3. a copy of the acknowledgement of the latest Income-tax return;
4. copy of the initial limited liability partnership agreement, if entered into and not filed, along with changes thereof in cases where the Limited Liability Partnership has not commenced business or commercial operations since its incorporation.
Documents required for closure of LLP
The following documents are required for closure of LLP –
- Detailed Application for Closure of Limited Liability Partnership(LLP);
- Affidavit executed either individually or jointly by all the Partners;
- Consent of all the partners;
- Statement of accounts showing Nil assets and liabilities certified by Chartered Accountant in practice not older than 30 days from the date of filing of an application;
- A copy of acknowledgement of latest Income Tax Return;
- Initial LLP Agreement along with all supplementary agreements, if any.
Process of closure of LLP or Strike off of an LLP
- Close the Bank Account of the LLP;
- Sell the assets, if any and pay off the liabilities, if any;
- Take the written consent of all partners for strike off;
- Drafting of all the requisite documents for closure of LLP;
- Filing of form 24 with the Registrar.
Once, the E-form 24 is filled by the LLP to concerned jurisdictional Registrar, it has to wait for approval from the Registrar as to whether all documents attached in forms are proper or not. Registrar may ask for any additional documents for his satisfaction. Once, Registrar is satisfied, he shall send name of the LLP for publication in official gazette asking to raise objections from general public. If no objection is received, Registrar will strike off the name of LLP from its register.
Some FAQs with regard to Strike off
1. Which date one should reckon for cessation of business?

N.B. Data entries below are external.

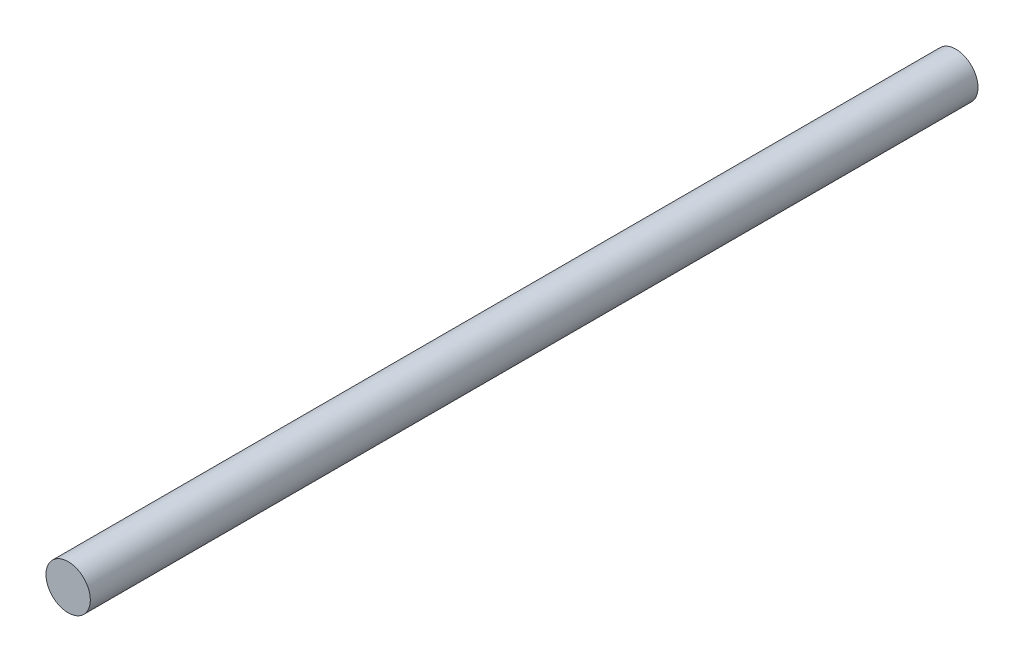
ISO-10303-21;
HEADER;
FILE_DESCRIPTION(('STEP AP214'),'2;1');
FILE_NAME('part.step','',(''),(''),'','','');
FILE_SCHEMA(('AUTOMOTIVE_DESIGN { 1 0 10303 214 1 1 1 1 }'));
ENDSEC;
DATA;
#1=APPLICATION_CONTEXT('core data for automotive mechanical design processes');
#2=APPLICATION_PROTOCOL_DEFINITION('international standard','automotive_design',2000,#1);
#3=PRODUCT_CONTEXT('',#1,'mechanical');
#4=PRODUCT('Part','Part','',(#3));
#5=PRODUCT_RELATED_PRODUCT_CATEGORY('part','',(#4));
#6=PRODUCT_DEFINITION_FORMATION('','',#4);
#7=PRODUCT_DEFINITION_CONTEXT('part definition',#1,'design');
#8=PRODUCT_DEFINITION('design','',#6,#7);
#9=PRODUCT_DEFINITION_SHAPE('','',#8);
#10=(LENGTH_UNIT() NAMED_UNIT(*) SI_UNIT(.MILLI.,.METRE.));
#11=(NAMED_UNIT(*) PLANE_ANGLE_UNIT() SI_UNIT($,.RADIAN.));
#12=(NAMED_UNIT(*) SI_UNIT($,.STERADIAN.) SOLID_ANGLE_UNIT());
#13=UNCERTAINTY_MEASURE_WITH_UNIT(LENGTH_MEASURE(1.E-05),#10,'distance_accuracy_value','');
#14=(GEOMETRIC_REPRESENTATION_CONTEXT(3) GLOBAL_UNCERTAINTY_ASSIGNED_CONTEXT((#13)) GLOBAL_UNIT_ASSIGNED_CONTEXT((#10,
#11,#12)) REPRESENTATION_CONTEXT('',''));
#15=CARTESIAN_POINT('',(0.,0.,0.));
#16=DIRECTION('',(0.,0.,1.));
#17=DIRECTION('',(1.,0.,0.));
#18=AXIS2_PLACEMENT_3D('',#15,#16,#17);
#19=CARTESIAN_POINT('',(0.,0.,200.));
#20=DIRECTION('',(0.,0.,-1.));
#21=DIRECTION('',(-1.,0.,0.));
#22=AXIS2_PLACEMENT_3D('',#19,#20,#21);
#23=CYLINDRICAL_SURFACE('',#22,10.);
#24=CARTESIAN_POINT('',(0.,0.,200.));
#25=DIRECTION('',(0.,0.,1.));
#26=DIRECTION('',(1.,0.,0.));
#27=AXIS2_PLACEMENT_3D('',#24,#25,#26);
#28=CIRCLE('',#27,10.);
#29=CARTESIAN_POINT('',(10.,0.,200.));
#30=VERTEX_POINT('',#29);
#31=EDGE_CURVE('E10',#30,#30,#28,.T.);
#32=ORIENTED_EDGE('',*,*,#31,.F.);
#33=EDGE_LOOP('',(#32));
#34=FACE_BOUND('',#33,.T.);
#35=CARTESIAN_POINT('',(0.,0.,-200.));
#36=DIRECTION('',(0.,0.,1.));
#37=DIRECTION('',(1.,0.,0.));
#38=AXIS2_PLACEMENT_3D('',#35,#36,#37);
#39=CIRCLE('',#38,10.);
#40=CARTESIAN_POINT('',(10.,0.,-200.));
#41=VERTEX_POINT('',#40);
#42=EDGE_CURVE('E33',#41,#41,#39,.T.);
#43=ORIENTED_EDGE('',*,*,#42,.T.);
#44=EDGE_LOOP('',(#43));
#45=FACE_BOUND('',#44,.T.);
#46=ADVANCED_FACE('F30',(#34,#45),#23,.T.);
#47=CARTESIAN_POINT('',(0.,0.,200.));
#48=DIRECTION('',(0.,0.,1.));
#49=DIRECTION('',(1.,0.,0.));
#50=AXIS2_PLACEMENT_3D('',#47,#48,#49);
#51=PLANE('',#50);
#52=ORIENTED_EDGE('',*,*,#31,.T.);
#53=EDGE_LOOP('',(#52));
#54=FACE_BOUND('',#53,.T.);
#55=ADVANCED_FACE('F45',(#54),#51,.T.);
#56=CARTESIAN_POINT('',(0.,0.,-200.));
#57=DIRECTION('',(0.,0.,1.));
#58=DIRECTION('',(1.,0.,0.));
#59=AXIS2_PLACEMENT_3D('',#56,#57,#58);
#60=PLANE('',#59);
#61=ORIENTED_EDGE('',*,*,#42,.F.);
#62=EDGE_LOOP('',(#61));
#63=FACE_BOUND('',#62,.T.);
#64=ADVANCED_FACE('F43',(#63),#60,.F.);
#65=CLOSED_SHELL('',(#46,#55,#64));
#66=MANIFOLD_SOLID_BREP('B2',#65);
#67=ADVANCED_BREP_SHAPE_REPRESENTATION('',(#18,#66),#14);
#68=SHAPE_DEFINITION_REPRESENTATION(#9,#67);
ENDSEC;
END-ISO-10303-21;
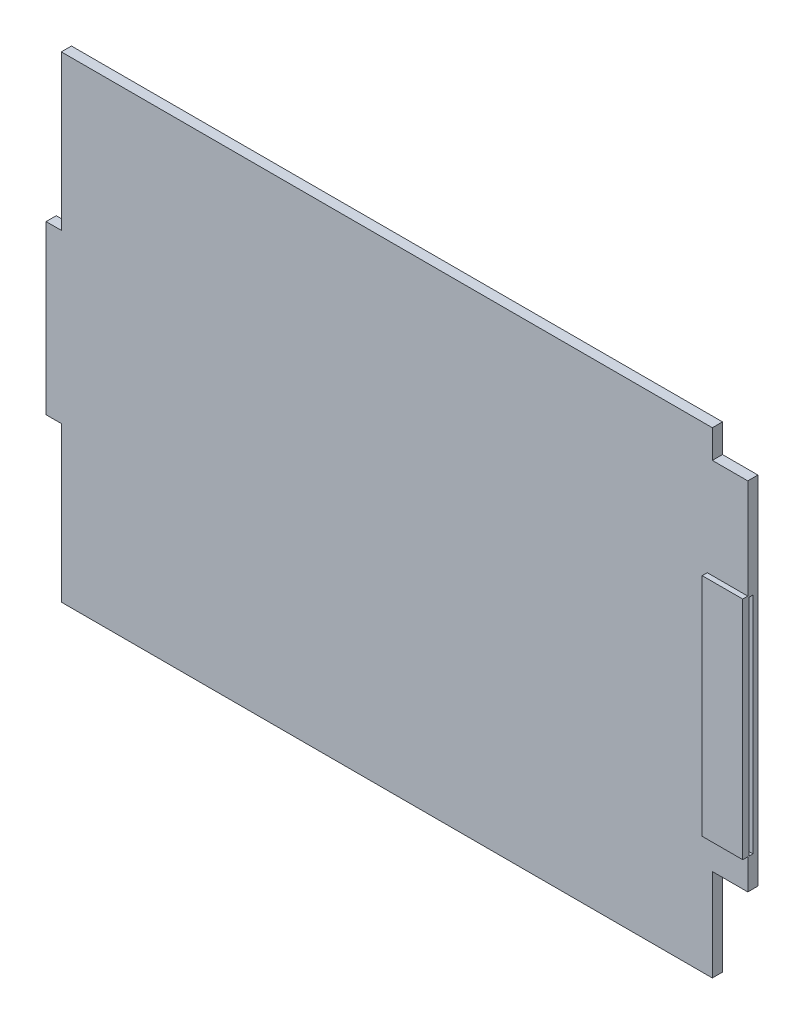
ISO-10303-21;
HEADER;
FILE_DESCRIPTION(('STEP AP214'),'2;1');
FILE_NAME('part.step','',(''),(''),'','','');
FILE_SCHEMA(('AUTOMOTIVE_DESIGN { 1 0 10303 214 1 1 1 1 }'));
ENDSEC;
DATA;
#1=APPLICATION_CONTEXT('core data for automotive mechanical design processes');
#2=APPLICATION_PROTOCOL_DEFINITION('international standard','automotive_design',2000,#1);
#3=PRODUCT_CONTEXT('',#1,'mechanical');
#4=PRODUCT('Part','Part','',(#3));
#5=PRODUCT_RELATED_PRODUCT_CATEGORY('part','',(#4));
#6=PRODUCT_DEFINITION_FORMATION('','',#4);
#7=PRODUCT_DEFINITION_CONTEXT('part definition',#1,'design');
#8=PRODUCT_DEFINITION('design','',#6,#7);
#9=PRODUCT_DEFINITION_SHAPE('','',#8);
#10=(LENGTH_UNIT() NAMED_UNIT(*) SI_UNIT(.MILLI.,.METRE.));
#11=(NAMED_UNIT(*) PLANE_ANGLE_UNIT() SI_UNIT($,.RADIAN.));
#12=(NAMED_UNIT(*) SI_UNIT($,.STERADIAN.) SOLID_ANGLE_UNIT());
#13=UNCERTAINTY_MEASURE_WITH_UNIT(LENGTH_MEASURE(1.E-05),#10,'distance_accuracy_value','');
#14=(GEOMETRIC_REPRESENTATION_CONTEXT(3) GLOBAL_UNCERTAINTY_ASSIGNED_CONTEXT((#13)) GLOBAL_UNIT_ASSIGNED_CONTEXT((#10,
#11,#12)) REPRESENTATION_CONTEXT('',''));
#15=CARTESIAN_POINT('',(0.,0.,0.));
#16=DIRECTION('',(0.,0.,1.));
#17=DIRECTION('',(1.,0.,0.));
#18=AXIS2_PLACEMENT_3D('',#15,#16,#17);
#19=CARTESIAN_POINT('',(-34.6,8.25220683677559,1.));
#20=DIRECTION('',(1.,0.,0.));
#21=DIRECTION('',(0.,0.,-1.));
#22=AXIS2_PLACEMENT_3D('',#19,#20,#21);
#23=PLANE('',#22);
#24=DIRECTION('',(0.,-1.,0.));
#25=VECTOR('',#24,1.);
#26=CARTESIAN_POINT('',(-34.6,8.25220683677559,0.));
#27=LINE('',#26,#25);
#28=CARTESIAN_POINT('',(-34.6,8.25220683677559,0.));
#29=VERTEX_POINT('',#28);
#30=CARTESIAN_POINT('',(-34.6,-8.24779316322441,0.));
#31=VERTEX_POINT('',#30);
#32=EDGE_CURVE('E168',#29,#31,#27,.T.);
#33=ORIENTED_EDGE('',*,*,#32,.T.);
#34=DIRECTION('',(0.,0.,-1.));
#35=VECTOR('',#34,1.);
#36=CARTESIAN_POINT('',(-34.6,-8.24779316322441,1.));
#37=LINE('',#36,#35);
#38=CARTESIAN_POINT('',(-34.6,-8.24779316322441,1.));
#39=VERTEX_POINT('',#38);
#40=EDGE_CURVE('E217',#39,#31,#37,.T.);
#41=ORIENTED_EDGE('',*,*,#40,.F.);
#42=DIRECTION('',(0.,-1.,0.));
#43=VECTOR('',#42,1.);
#44=CARTESIAN_POINT('',(-34.6,8.25220683677559,1.));
#45=LINE('',#44,#43);
#46=CARTESIAN_POINT('',(-34.6,8.25220683677559,1.));
#47=VERTEX_POINT('',#46);
#48=EDGE_CURVE('E192',#47,#39,#45,.T.);
#49=ORIENTED_EDGE('',*,*,#48,.F.);
#50=DIRECTION('',(0.,0.,-1.));
#51=VECTOR('',#50,1.);
#52=CARTESIAN_POINT('',(-34.6,8.25220683677559,1.));
#53=LINE('',#52,#51);
#54=EDGE_CURVE('E164',#47,#29,#53,.T.);
#55=ORIENTED_EDGE('',*,*,#54,.T.);
#56=EDGE_LOOP('',(#33,#41,#49,#55));
#57=FACE_BOUND('',#56,.T.);
#58=ADVANCED_FACE('F35',(#57),#23,.F.);
#59=CARTESIAN_POINT('',(-34.6,-8.24779316322441,1.));
#60=DIRECTION('',(0.,1.,0.));
#61=DIRECTION('',(-1.,0.,0.));
#62=AXIS2_PLACEMENT_3D('',#59,#60,#61);
#63=PLANE('',#62);
#64=DIRECTION('',(1.,0.,0.));
#65=VECTOR('',#64,1.);
#66=CARTESIAN_POINT('',(-34.6,-8.24779316322441,0.));
#67=LINE('',#66,#65);
#68=CARTESIAN_POINT('',(-33.0953892850898,-8.24779316322442,0.));
#69=VERTEX_POINT('',#68);
#70=EDGE_CURVE('E171',#31,#69,#67,.T.);
#71=ORIENTED_EDGE('',*,*,#70,.T.);
#72=DIRECTION('',(0.,0.,-1.));
#73=VECTOR('',#72,1.);
#74=CARTESIAN_POINT('',(-33.0953892850898,-8.24779316322442,1.));
#75=LINE('',#74,#73);
#76=CARTESIAN_POINT('',(-33.0953892850898,-8.24779316322442,1.));
#77=VERTEX_POINT('',#76);
#78=EDGE_CURVE('E214',#77,#69,#75,.T.);
#79=ORIENTED_EDGE('',*,*,#78,.F.);
#80=DIRECTION('',(1.,0.,0.));
#81=VECTOR('',#80,1.);
#82=CARTESIAN_POINT('',(-34.6,-8.24779316322441,1.));
#83=LINE('',#82,#81);
#84=EDGE_CURVE('E111',#39,#77,#83,.T.);
#85=ORIENTED_EDGE('',*,*,#84,.F.);
#86=ORIENTED_EDGE('',*,*,#40,.T.);
#87=EDGE_LOOP('',(#71,#79,#85,#86));
#88=FACE_BOUND('',#87,.T.);
#89=ADVANCED_FACE('F282',(#88),#63,.F.);
#90=CARTESIAN_POINT('',(-33.0953892850898,-8.24779316322442,1.));
#91=DIRECTION('',(1.,0.,0.));
#92=DIRECTION('',(0.,0.,-1.));
#93=AXIS2_PLACEMENT_3D('',#90,#91,#92);
#94=PLANE('',#93);
#95=DIRECTION('',(0.,-1.,0.));
#96=VECTOR('',#95,1.);
#97=CARTESIAN_POINT('',(-33.0953892850898,-8.24779316322442,0.));
#98=LINE('',#97,#96);
#99=CARTESIAN_POINT('',(-33.0953892850898,-23.4977931632244,0.));
#100=VERTEX_POINT('',#99);
#101=EDGE_CURVE('E174',#69,#100,#98,.T.);
#102=ORIENTED_EDGE('',*,*,#101,.T.);
#103=DIRECTION('',(0.,0.,-1.));
#104=VECTOR('',#103,1.);
#105=CARTESIAN_POINT('',(-33.0953892850898,-23.4977931632244,1.));
#106=LINE('',#105,#104);
#107=CARTESIAN_POINT('',(-33.0953892850898,-23.4977931632244,1.));
#108=VERTEX_POINT('',#107);
#109=EDGE_CURVE('E211',#108,#100,#106,.T.);
#110=ORIENTED_EDGE('',*,*,#109,.F.);
#111=DIRECTION('',(0.,-1.,0.));
#112=VECTOR('',#111,1.);
#113=CARTESIAN_POINT('',(-33.0953892850898,-8.24779316322442,1.));
#114=LINE('',#113,#112);
#115=EDGE_CURVE('E249',#77,#108,#114,.T.);
#116=ORIENTED_EDGE('',*,*,#115,.F.);
#117=ORIENTED_EDGE('',*,*,#78,.T.);
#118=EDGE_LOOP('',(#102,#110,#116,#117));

The date of cessation of commercial operation is the date from which the Limited Liability Partnership ceased to carry on its revenue generating business and the transactions such as receipt of money from debtors or payment of money to creditors, subsequent to such cessation will not form part of revenue generating business.
2. Whether up to date annual filing is required for closure of LLP?
As per LLP Amendment Rules, 2017, annual filing forms like form 8 and 11 is required to be filled up to the date of financial year in which LLP ceased to carry on business or operation. For e.g: LLP ceased the business on 31st August, 2018 then form 8 and 11 needs to filled for F.Y upto 2018-19.
3. What if Initial LLP Agreement is not filled?
As per LLP Amendment Rules, 2017, initial agreement is not filled and LLP is inoperative since incorporation then application for strike off is allowed if LLP Agreement is filled at the time of strike off but if LLP has commenced business and LLP Agreement is not filled then LLP must file LLP Agreement in form 3 before filing application for strike off.
4. What if Income Tax return is not filled?
As per LLP Amendment Rules, 2017, Income tax return is required to be filled up to the date of financial year in which LLP ceased to carry on its business or operation. If LLP is not commenced business since incorporation then filing of IT return is not required and LLP can directly apply for strike off.